Part 1: The slide of horror

I was ten years old and on my way back from a walk in the welsh mountains with my trendy parents (yes – my mum and dad were cooler than me even then. Not a good sign of things to come.)

Upon passing a small park I begged my weary parents to stop and let me play for a few minutes. In retrospect I now realise that the park was, in the words of my mum,  “a bit run down” (i.e. a total dive/ death trap) but all I saw was the possibility of five whole minutes of unbridled fun rather than the fact that this was Not A Good Idea.

On entering the play area I realised I was not alone. There was another kid sharing the space with me, and not just any kid.

A Boy.

When I was ten A Boy was a big deal. Especially one that was a little older than me. I struck my best confident walk, striding up to the rickety slide that towered above me. I climbed the stairs tentatively, making sure that the wind didn’t whip my flowery elasticised skirt over my head. I made it to the top. He was watching. Result.

Throwing myself onto the slide I began to wiz down, trying not to bang my elbows on the large iron hooks that poked upwards along the sides.

Allow me to narrate what followed:

Young girl begins descent. Girl’s skirt catches on hooks. Girl’s torso flies through centre of skirt with technical flare.

At least this is what the onlookers remember. All I can recall is starting the descent with my skirt on and finishing in my underpants, skirt still half way up the slide.

I wish I could tell you that this is an isolated incident in an otherwise uneventful life.

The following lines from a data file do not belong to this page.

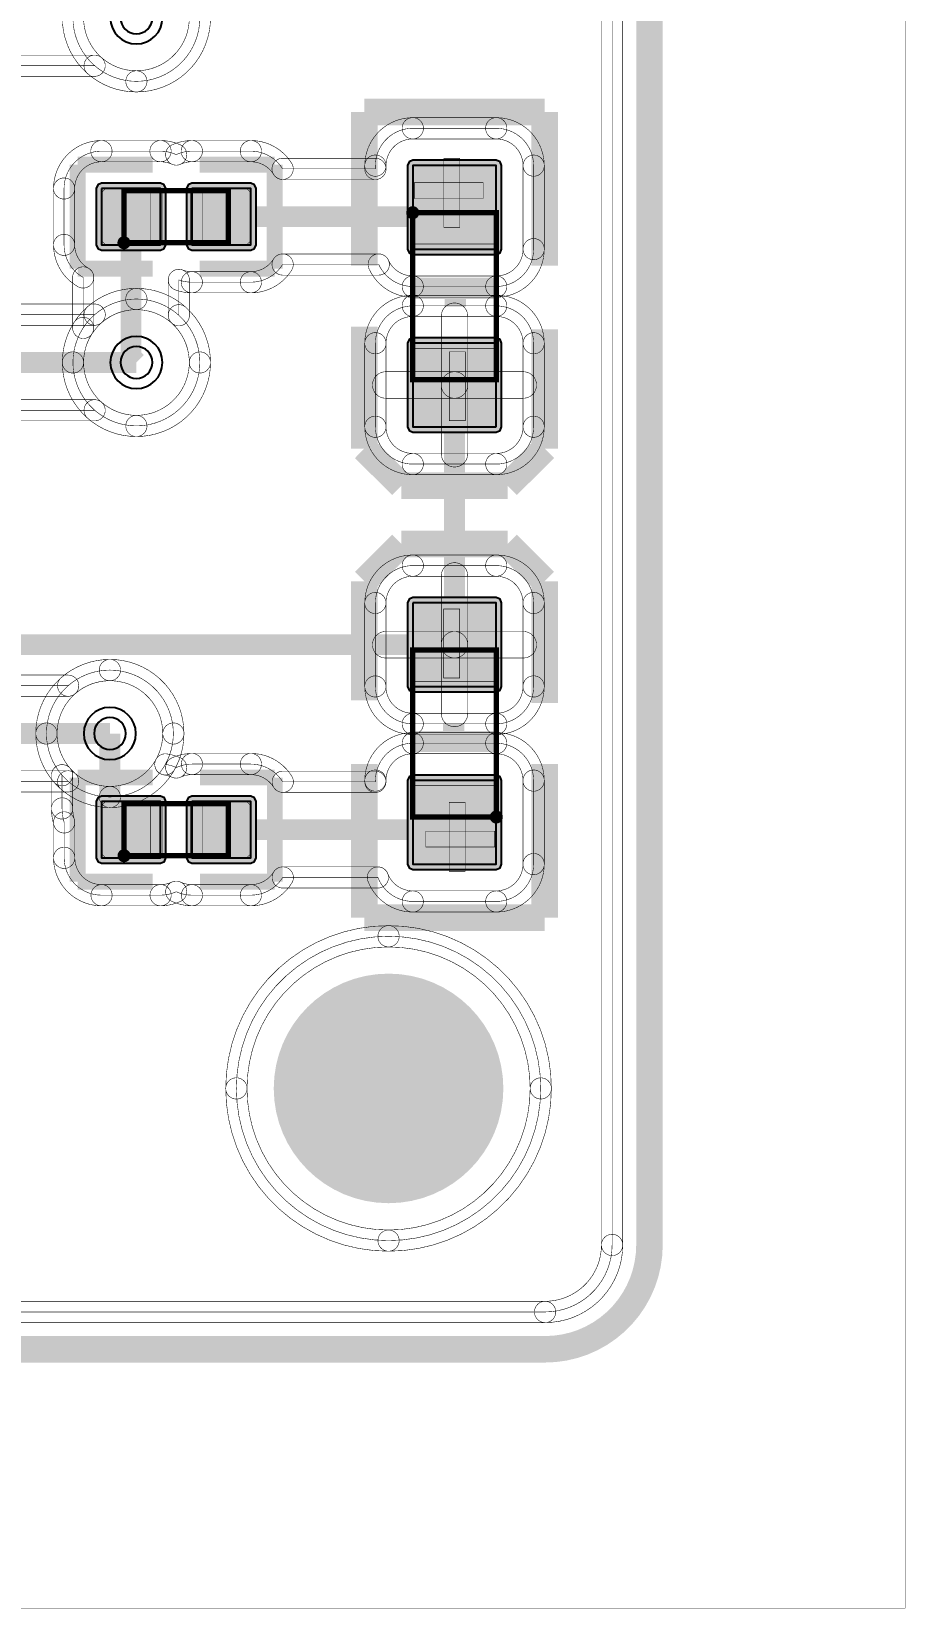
# Model space of a CAD drawing. Header units: millimetres. Extents: x -2.5 to 44.5, y -38.5 to 2.5.
# Drawn here: x 36.08 to 44.45, y -38.48 to -23.37 of the extents above; entities that cross this region are included whole.
import ezdxf

# ---------------------------------------------------------------- set-up
doc = ezdxf.new("R2010")
doc.units = ezdxf.units.MM
for name, color, linetype, true_color in [('Board Outline Layer', 7, 'Continuous', 0xff00ff), ('Bottom Layer', 7, 'Continuous', 0x0000ff), ('Component Marking Layer', 7, 'Continuous', 0x66ffcc), ('Component Shape Layer', 7, 'Continuous', 0x00cccc), ('Document Layer', 7, 'Continuous', 0xffffff), ('Hole Layer', 7, 'Continuous', 0x816200), ('Inner1', 7, 'Continuous', 0xbc8e00), ('Inner2', 7, 'Continuous', 0x70dbfa), ('Multi-Layer', 7, 'Continuous', 0xc0c0c0), ('Pin Soldering Layer', 7, 'Continuous', 0xcc9999), ('Top Layer', 7, 'Continuous', 0xff0000), ('Top Paste Mask Layer', 7, 'Continuous', 0x808080), ('Top Silkscreen Layer', 7, 'Continuous', 0xffff00), ('Top Solder Mask Layer', 7, 'Continuous', 0x800080)]:
    doc.layers.add(name, color=color, linetype=linetype, true_color=true_color)

msp = doc.modelspace()

# ---------------------------------------------------------------- hatches: boundary and pattern name
at = {"layer": 'Component Marking Layer'}
for points in [[(39.672, -25.108, 1), (39.792, -25.108, 1)], [(36.905, -25.396, 1), (37.025, -25.396, 1)], [(40.472, -30.899, 1), (40.592, -30.899, 1)], [(36.906, -31.27, 1), (37.026, -31.27, 1)]]:
    msp.add_hatch(color=256, dxfattribs=at).paths.add_polyline_path(points)
at = {"layer": 'Document Layer'}
for points in [[(40.03, -25.248), (40.03, -24.587), (40.183, -24.587), (40.183, -25.248)], [(40.407, -24.972), (39.747, -24.972), (39.747, -24.82), (40.407, -24.82)], [(40.082, -27.101), (40.082, -26.441), (40.235, -26.441), (40.235, -27.101)], [(40.182, -28.906), (40.182, -29.566), (40.029, -29.566), (40.029, -28.906)], [(40.234, -30.759), (40.234, -31.42), (40.081, -31.42), (40.081, -30.759)], [(39.857, -31.035), (40.517, -31.035), (40.517, -31.187), (39.857, -31.187)]]:
    msp.add_hatch(color=256, dxfattribs=at).paths.add_polyline_path(points)
at = {"layer": 'Multi-Layer'}
msp.add_hatch(color=256, dxfattribs=at).paths.add_polyline_path([(38.4, -33.5, 1), (40.6, -33.5, 1)])
at = {"layer": 'Pin Soldering Layer'}
for points in [[(37.216, -24.896), (37.216, -25.396), (36.966, -25.396), (36.966, -24.896)], [(37.717, -25.396), (37.717, -24.896), (37.967, -24.896), (37.967, -25.396)], [(39.732, -25.108), (40.532, -25.108), (40.532, -25.408), (39.732, -25.408)], [(40.532, -26.708), (39.732, -26.708), (39.732, -26.408), (40.532, -26.408)], [(39.732, -29.299), (40.532, -29.299), (40.532, -29.599), (39.732, -29.599)], [(40.532, -30.899), (39.732, -30.899), (39.732, -30.599), (40.532, -30.599)], [(37.217, -30.77), (37.217, -31.27), (36.967, -31.27), (36.967, -30.77)], [(37.717, -31.27), (37.717, -30.77), (37.967, -30.77), (37.967, -31.27)]]:
    msp.add_hatch(color=256, dxfattribs=at).paths.add_polyline_path(points)
at = {"layer": 'Top Layer'}
for points in [[(40.532, -25.457), (40.532, -24.657), (39.732, -24.657), (39.732, -25.457)], [(36.749, -24.876), (36.749, -25.416), (37.315, -25.416), (37.315, -24.876)], [(37.615, -24.876), (37.615, -25.416), (38.181, -25.416), (38.181, -24.876)], [(40.532, -27.159), (40.532, -26.359), (39.732, -26.359), (39.732, -27.159)], [(39.732, -28.848), (39.732, -29.648), (40.532, -29.648), (40.532, -28.848)], [(39.732, -30.55), (39.732, -31.35), (40.532, -31.35), (40.532, -30.55)], [(36.75, -30.75), (36.75, -31.29), (37.316, -31.29), (37.316, -30.75)], [(37.616, -30.75), (37.616, -31.29), (38.181, -31.29), (38.181, -30.75)]]:
    msp.add_hatch(color=256, dxfattribs=at).paths.add_polyline_path(points)
at = {"layer": 'Top Paste Mask Layer'}
for points in [[(40.532, -25.457), (40.532, -24.657), (39.732, -24.657), (39.732, -25.457)], [(37.33, -25.376), (37.33, -24.916), (37.29, -24.876), (36.789, -24.876), (36.749, -24.916), (36.749, -25.376), (36.789, -25.416), (37.29, -25.416)], [(37.6, -25.376), (37.6, -24.916), (37.64, -24.876), (38.141, -24.876), (38.181, -24.916), (38.181, -25.376), (38.141, -25.416), (37.64, -25.416)], [(40.532, -27.159), (40.532, -26.359), (39.732, -26.359), (39.732, -27.159)], [(39.732, -28.848), (39.732, -29.648), (40.532, -29.648), (40.532, -28.848)], [(39.732, -30.55), (39.732, -31.35), (40.532, -31.35), (40.532, -30.55)], [(37.331, -31.25), (37.331, -30.79), (37.291, -30.75), (36.79, -30.75), (36.75, -30.79), (36.75, -31.25), (36.79, -31.29), (37.291, -31.29)], [(37.601, -31.25), (37.601, -30.79), (37.641, -30.75), (38.141, -30.75), (38.181, -30.79), (38.181, -31.25), (38.141, -31.29), (37.641, -31.29)]]:
    msp.add_hatch(color=256, dxfattribs=at).paths.add_polyline_path(points)
at = {"layer": 'Top Solder Mask Layer'}
for points in [[(40.583, -25.457), (40.583, -24.657), (40.568, -24.621), (40.532, -24.606), (39.732, -24.606), (39.696, -24.621), (39.681, -24.657), (39.681, -25.457), (39.696, -25.493), (39.732, -25.508), (40.532, -25.508), (40.568, -25.493)], [(36.699, -24.876), (36.699, -25.416), (36.714, -25.452), (36.749, -25.467), (37.315, -25.467), (37.351, -25.452), (37.366, -25.416), (37.366, -24.876), (37.351, -24.84), (37.315, -24.825), (36.749, -24.825), (36.714, -24.84)], [(37.564, -24.876), (37.564, -25.416), (37.579, -25.452), (37.615, -25.467), (38.181, -25.467), (38.217, -25.452), (38.232, -25.416), (38.232, -24.876), (38.217, -24.84), (38.181, -24.825), (37.615, -24.825), (37.579, -24.84)], [(40.583, -27.159), (40.583, -26.359), (40.568, -26.323), (40.532, -26.308), (39.732, -26.308), (39.696, -26.323), (39.681, -26.359), (39.681, -27.159), (39.696, -27.195), (39.732, -27.21), (40.532, -27.21), (40.568, -27.195)], [(39.681, -28.848), (39.681, -29.648), (39.696, -29.684), (39.732, -29.699), (40.532, -29.699), (40.568, -29.684), (40.583, -29.648), (40.583, -28.848), (40.568, -28.812), (40.532, -28.797), (39.732, -28.797), (39.696, -28.812)], [(39.681, -30.55), (39.681, -31.35), (39.696, -31.386), (39.732, -31.401), (40.532, -31.401), (40.568, -31.386), (40.583, -31.35), (40.583, -30.55), (40.568, -30.514), (40.532, -30.499), (39.732, -30.499), (39.696, -30.514)], [(36.699, -30.75), (36.699, -31.29), (36.714, -31.326), (36.75, -31.341), (37.316, -31.341), (37.352, -31.326), (37.367, -31.29), (37.367, -30.75), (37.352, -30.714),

But we both know that I would be lying.

Next week : Part 2 – The Tuscan pizza of degradation


The moment of truth

I’m standing in the queue in Starbucks, waiting for my turn with the frappachino and herbal tea requests.  I’m here for a meeting.  In less than two hours I’ll be at another meeting with an MP – a former Home Office Minister who knows his stuff – and I’m exhausted.

I jolted awake at four this morning from another horrendous nightmare.  My job involves thinking about human trafficking and exploitation day in day out and unfortunately this is not without its side effects.

I also have another minor problem on my hands.  At 11am this morning I realised there was a small hole in my skirt.  Unfortunately this hole is located directly over the butt area.  I quite like my bum as it is, but my skirts do have to stretch a little to fit and tend to give way at inconvenient moments – for example, during 11am meetings with lots of men. (This is me we’re talking about – I mean, my skirt was never going to wait for an all-girl slumber party.)

I quickly excused myself from the manly meeting (walking backwards out of the room as normally as possible) and rushed to my colleague, Gemma, to ask for her opinion.  Is the hole noticeable?  Can I possibly get away with it for a whole 30 minutes in the presence of an esteemed politician?  Her contorted expression, trying to hold back a pained smirk, confirmed the answer as a firm NO.  Five minutes later, I emerged from the bathroom with a safety pin holding my skirt together.  Unfortunately this was not the world’s most sturdy piece of metal and within minutes I had an undone pin protruding out of my bottom, ready to puncture anyone who got too close.

So here I stand in Starbucks – exhausted, slightly traumatised, with a safety pin sticking outta my butt.  If I’m looking for a sign that something in my life has got to change, this is it.